◆ **Work order**
Only a number is wanted here. Tally the lines of the data that contain "Design".

--

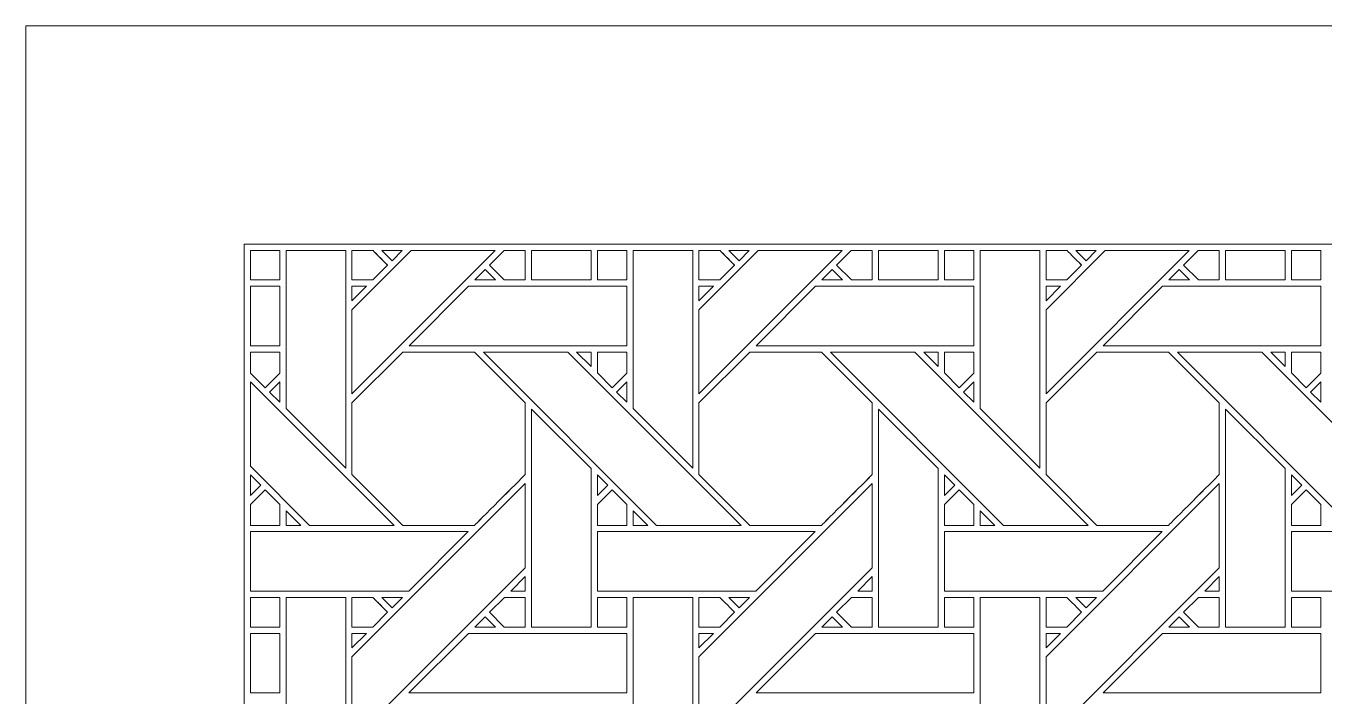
# Model space of a CAD drawing. Header units: inches. Extents: x 8.88 to 15.88, y 5.59 to 12.59.
# Drawn here: x 8.883 to 12.432, y 10.763 to 12.595 of the extents above; entities that cross this region are included whole.
import ezdxf

# ---------------------------------------------------------------- set-up
doc = ezdxf.new("R2010")
doc.units = ezdxf.units.IN
doc.header["$MEASUREMENT"] = 0
doc.layers.add('Design', color=7, linetype='Continuous', lineweight=0)

msp = doc.modelspace()

# ---------------------------------------------------------------- linework, layer by layer
at = {"layer": 'Design'}
for points, knots in [([(8.8829, 12.5948), (8.8829, 12.5948), (8.8829, 5.5948), (8.8829, 5.5948), (8.8829, 5.5948), (15.8829, 5.5948), (15.8829, 5.5948), (15.8829, 5.5948), (15.8829, 12.5948), (15.8829, 12.5948), (15.8829, 12.5948), (8.8829, 12.5948), (8.8829, 12.5948)], [0, 0, 0, 0, 1, 1, 1, 2, 2, 2, 3, 3, 3, 4, 4, 4, 4]), ([(9.4792, 11.9984), (9.4792, 11.9984), (9.4792, 6.1911), (9.4792, 6.1911), (9.4792, 6.1911), (15.2865, 6.1911), (15.2865, 6.1911), (15.2865, 6.1911), (15.2865, 11.9984), (15.2865, 11.9984), (15.2865, 11.9984), (9.4792, 11.9984), (9.4792, 11.9984)], [0, 0, 0, 0, 1, 1, 1, 2, 2, 2, 3, 3, 3, 4, 4, 4, 4]), ([(9.5766, 11.9809), (9.5766, 11.9809), (9.5766, 11.9006), (9.5766, 11.9006), (9.5766, 11.9006), (9.4967, 11.9006), (9.4967, 11.9006), (9.4967, 11.9006), (9.4967, 11.9809), (9.4967, 11.9809), (9.4967, 11.9809), (9.5766, 11.9809), (9.5766, 11.9809)], [0, 0, 0, 0, 1, 1, 1, 2, 2, 2, 3, 3, 3, 4, 4, 4, 4]), ([(9.5766, 11.9809), (9.5766, 11.9809), (9.5766, 11.9006), (9.5766, 11.9006), (9.5766, 11.9006), (9.4967, 11.9006), (9.4967, 11.9006), (9.4967, 11.9006), (9.4967, 11.9809), (9.4967, 11.9809), (9.4967, 11.9809), (9.5766, 11.9809), (9.5766, 11.9809)], [0, 0, 0, 0, 1, 1, 1, 2, 2, 2, 3, 3, 3, 4, 4, 4, 4]), ([(9.5942, 11.9809), (9.5942, 11.9809), (9.7571, 11.9809), (9.7571, 11.9809), (9.7571, 11.9809), (9.7571, 11.3863), (9.7571, 11.3863), (9.7571, 11.3863), (9.5942, 11.5492), (9.5942, 11.5492), (9.5942, 11.5492), (9.5942, 11.9809), (9.5942, 11.9809)], [0, 0, 0, 0, 1, 1, 1, 2, 2, 2, 3, 3, 3, 4, 4, 4, 4]), ([(9.8318, 11.9809), (9.8378, 11.9749), (9.8673, 11.9454), (9.8716, 11.9411), (9.8716, 11.9411), (9.8312, 11.9006), (9.8312, 11.9006), (9.8312, 11.9006), (9.7742, 11.9006), (9.7742, 11.9006), (9.7742, 11.9006), (9.7742, 11.9809), (9.7742, 11.9809), (9.7742, 11.9809), (9.8318, 11.9809), (9.8318, 11.9809)], [0, 0, 0, 0, 1, 1, 1, 2, 2, 2, 3, 3, 3, 4, 4, 4, 5, 5, 5, 5]), ([(10.1659, 11.9809), (10.1659, 11.9809), (9.7742, 11.5892), (9.7742, 11.5892), (9.7742, 11.5892), (9.7742, 11.8193), (9.7742, 11.8193), (9.7742, 11.8193), (9.9359, 11.9809), (9.9359, 11.9809), (9.9359, 11.9809), (10.1659, 11.9809), (10.1659, 11.9809)], [0, 0, 0, 0, 1, 1, 1, 2, 2, 2, 3, 3, 3, 4, 4, 4, 4]), ([(9.7742, 11.9006), (9.7742, 11.9006), (9.7742, 11.9809), (9.7742, 11.9809), (9.7742, 11.9809), (9.8318, 11.9809), (9.8318, 11.9809), (9.8372, 11.9755), (9.8716, 11.9411), (9.8716, 11.9411), (9.8716, 11.9411), (9.8312, 11.9006), (9.8312, 11.9006), (9.8312, 11.9006), (9.7742, 11.9006), (9.7742, 11.9006)], [0, 0, 0, 0, 1, 1, 1, 2, 2, 2, 3, 3, 3, 4, 4, 4, 5, 5, 5, 5]), ([(9.8561, 11.9809), (9.8561, 11.9809), (9.9116, 11.9809), (9.9116, 11.9809), (9.9116, 11.9809), (9.8838, 11.9532), (9.8838, 11.9532), (9.8838, 11.9532), (9.8561, 11.9809), (9.8561, 11.9809)], [0, 0, 0, 0, 1, 1, 1, 2, 2, 2, 3, 3, 3, 3]), ([(10.1907, 11.9006), (10.1907, 11.9006), (10.1504, 11.941), (10.1504, 11.941), (10.1504, 11.941), (10.1903, 11.9809), (10.1903, 11.9809), (10.1903, 11.9809), (10.2479, 11.9809), (10.2479, 11.9809), (10.2479, 11.9809), (10.2479, 11.9006), (10.2479, 11.9006), (10.2479, 11.9006), (10.1907, 11.9006), (10.1907, 11.9006)], [0, 0, 0, 0, 1, 1, 1, 2, 2, 2, 3, 3, 3, 4, 4, 4, 5, 5, 5, 5]), ([(10.2479, 11.9006), (10.2479, 11.9006), (10.1907, 11.9006), (10.1907, 11.9006), (10.1907, 11.9006), (10.1504, 11.941), (10.1504, 11.941), (10.1504, 11.941), (10.1903, 11.9809), (10.1903, 11.9809), (10.1903, 11.9809), (10.2479, 11.9809), (10.2479, 11.9809), (10.2479, 11.9809), (10.2479, 11.9006), (10.2479, 11.9006)], [0, 0, 0, 0, 1, 1, 1, 2, 2, 2, 3, 3, 3, 4, 4, 4, 5, 5, 5, 5]), ([(10.4278, 11.9809), (10.4278, 11.9809), (10.4278, 11.9006), (10.4278, 11.9006), (10.4278, 11.9006), (10.265, 11.9006), (10.265, 11.9006), (10.265, 11.9006), (10.265, 11.9809), (10.265, 11.9809), (10.265, 11.9809), (10.4278, 11.9809), (10.4278, 11.9809)], [0, 0, 0, 0, 1, 1, 1, 2, 2, 2, 3, 3, 3, 4, 4, 4, 4]), ([(10.5253, 11.9809), (10.5253, 11.9809), (10.5253, 11.9006), (10.5253, 11.9006), (10.5253, 11.9006), (10.4451, 11.9006), (10.4451, 11.9006), (10.4451, 11.9006), (10.4451, 11.9809), (10.4451, 11.9809), (10.4451, 11.9809), (10.5253, 11.9809), (10.5253, 11.9809)], [0, 0, 0, 0, 1, 1, 1, 2, 2, 2, 3, 3, 3, 4, 4, 4, 4]), ([(10.5253, 11.9809), (10.5253, 11.9809), (10.5253, 11.9006), (10.5253, 11.9006), (10.5253, 11.9006), (10.4451, 11.9006), (10.4451, 11.9006), (10.4451, 11.9006), (10.4451, 11.9809), (10.4451, 11.9809), (10.4451, 11.9809), (10.5253, 11.9809), (10.5253, 11.9809)], [0, 0, 0, 0, 1, 1, 1, 2, 2, 2, 3, 3, 3, 4, 4, 4, 4]), ([(10.7058, 11.9809), (10.7058, 11.9809), (10.7058, 11.3863), (10.7058, 11.3863), (10.7058, 11.3863), (10.5429, 11.5492), (10.5429, 11.5492), (10.5429, 11.5492), (10.5429, 11.9809), (10.5429, 11.9809), (10.5429, 11.9809), (10.7058, 11.9809), (10.7058, 11.9809)], [0, 0, 0, 0, 1, 1, 1, 2, 2, 2, 3, 3, 3, 4, 4, 4, 4]), ([(10.7805, 11.9809), (10.7865, 11.9749), (10.816, 11.9454), (10.8203, 11.9411), (10.8203, 11.9411), (10.7799, 11.9006), (10.7799, 11.9006), (10.7799, 11.9006), (10.7229, 11.9006), (10.7229, 11.9006), (10.7229, 11.9006), (10.7229, 11.9809), (10.7229, 11.9809), (10.7229, 11.9809), (10.7805, 11.9809), (10.7805, 11.9809)], [0, 0, 0, 0, 1, 1, 1, 2, 2, 2, 3, 3, 3, 4, 4, 4, 5, 5, 5, 5]), ([(11.1147, 11.9809), (11.1147, 11.9809), (10.7229, 11.5892), (10.7229, 11.5892), (10.7229, 11.5892), (10.7229, 11.8193), (10.7229, 11.8193), (10.7229, 11.8193), (10.8846, 11.9809), (10.8846, 11.9809), (10.8846, 11.9809), (11.1147, 11.9809), (11.1147, 11.9809)], [0, 0, 0, 0, 1, 1, 1, 2, 2, 2, 3, 3, 3, 4, 4, 4, 4]), ([(10.7229, 11.9006), (10.7229, 11.9006), (10.7229, 11.9809), (10.7229, 11.9809), (10.7229, 11.9809), (10.7805, 11.9809), (10.7805, 11.9809), (10.786, 11.9754), (10.8203, 11.9411), (10.8203, 11.9411), (10.8203, 11.9411), (10.7799, 11.9006), (10.7799, 11.9006), (10.7799, 11.9006), (10.7229, 11.9006), (10.7229, 11.9006)], [0, 0, 0, 0, 1, 1, 1, 2, 2, 2, 3, 3, 3, 4, 4, 4, 5, 5, 5, 5]), ([(10.8048, 11.9809), (10.8048, 11.9809), (10.8604, 11.9809), (10.8604, 11.9809), (10.8604, 11.9809), (10.8325, 11.9532), (10.8325, 11.9532), (10.8325, 11.9532), (10.8048, 11.9809), (10.8048, 11.9809)], [0, 0, 0, 0, 1, 1, 1, 2, 2, 2, 3, 3, 3, 3]), ([(11.1395, 11.9006), (11.1395, 11.9006), (11.0991, 11.941), (11.0991, 11.941), (11.0991, 11.941), (11.139, 11.9809), (11.139, 11.9809), (11.139, 11.9809), (11.1966, 11.9809), (11.1966, 11.9809), (11.1966, 11.9809), (11.1966, 11.9006), (11.1966, 11.9006), (11.1966, 11.9006), (11.1395, 11.9006), (11.1395, 11.9006)], [0, 0, 0, 0, 1, 1, 1, 2, 2, 2, 3, 3, 3, 4, 4, 4, 5, 5, 5, 5]), ([(11.1966, 11.9006), (11.1966, 11.9006), (11.1395, 11.9006), (11.1395, 11.9006), (11.1395, 11.9006), (11.0991, 11.941), (11.0991, 11.941), (11.0991, 11.941), (11.139, 11.9809), (11.139, 11.9809), (11.139, 11.9809), (11.1966, 11.9809), (11.1966, 11.9809), (11.1966, 11.9809), (11.1966, 11.9006), (11.1966, 11.9006)], [0, 0, 0, 0, 1, 1, 1, 2, 2, 2, 3, 3, 3, 4, 4, 4, 5, 5, 5, 5]), ([(11.3765, 11.9809), (11.3765, 11.9809), (11.3765, 11.9006), (11.3765, 11.9006), (11.3765, 11.9006), (11.2137, 11.9006), (11.2137, 11.9006), (11.2137, 11.9006), (11.2137, 11.9809), (11.2137, 11.9809), (11.2137, 11.9809), (11.3765, 11.9809), (11.3765, 11.9809)], [0, 0, 0, 0, 1, 1, 1, 2, 2, 2, 3, 3, 3, 4, 4, 4, 4]), ([(11.474, 11.9809), (11.474, 11.9809), (11.474, 11.9006), (11.474, 11.9006), (11.474, 11.9006), (11.3938, 11.9006), (11.3938, 11.9006), (11.3938, 11.9006), (11.3938, 11.9809), (11.3938, 11.9809), (11.3938, 11.9809), (11.474, 11.9809), (11.474, 11.9809)], [0, 0, 0, 0, 1, 1, 1, 2, 2, 2, 3, 3, 3, 4, 4, 4, 4]), ([(11.474, 11.9809), (11.474, 11.9809), (11.474, 11.9006), (11.474, 11.9006), (11.474, 11.9006), (11.3938, 11.9006), (11.3938, 11.9006), (11.3938, 11.9006), (11.3938, 11.9809), (11.3938, 11.9809), (11.3938, 11.9809), (11.474, 11.9809), (11.474, 11.9809)], [0, 0, 0, 0, 1, 1, 1, 2, 2, 2, 3, 3, 3, 4, 4, 4, 4]), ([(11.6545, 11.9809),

--

◆ **Written reply**
2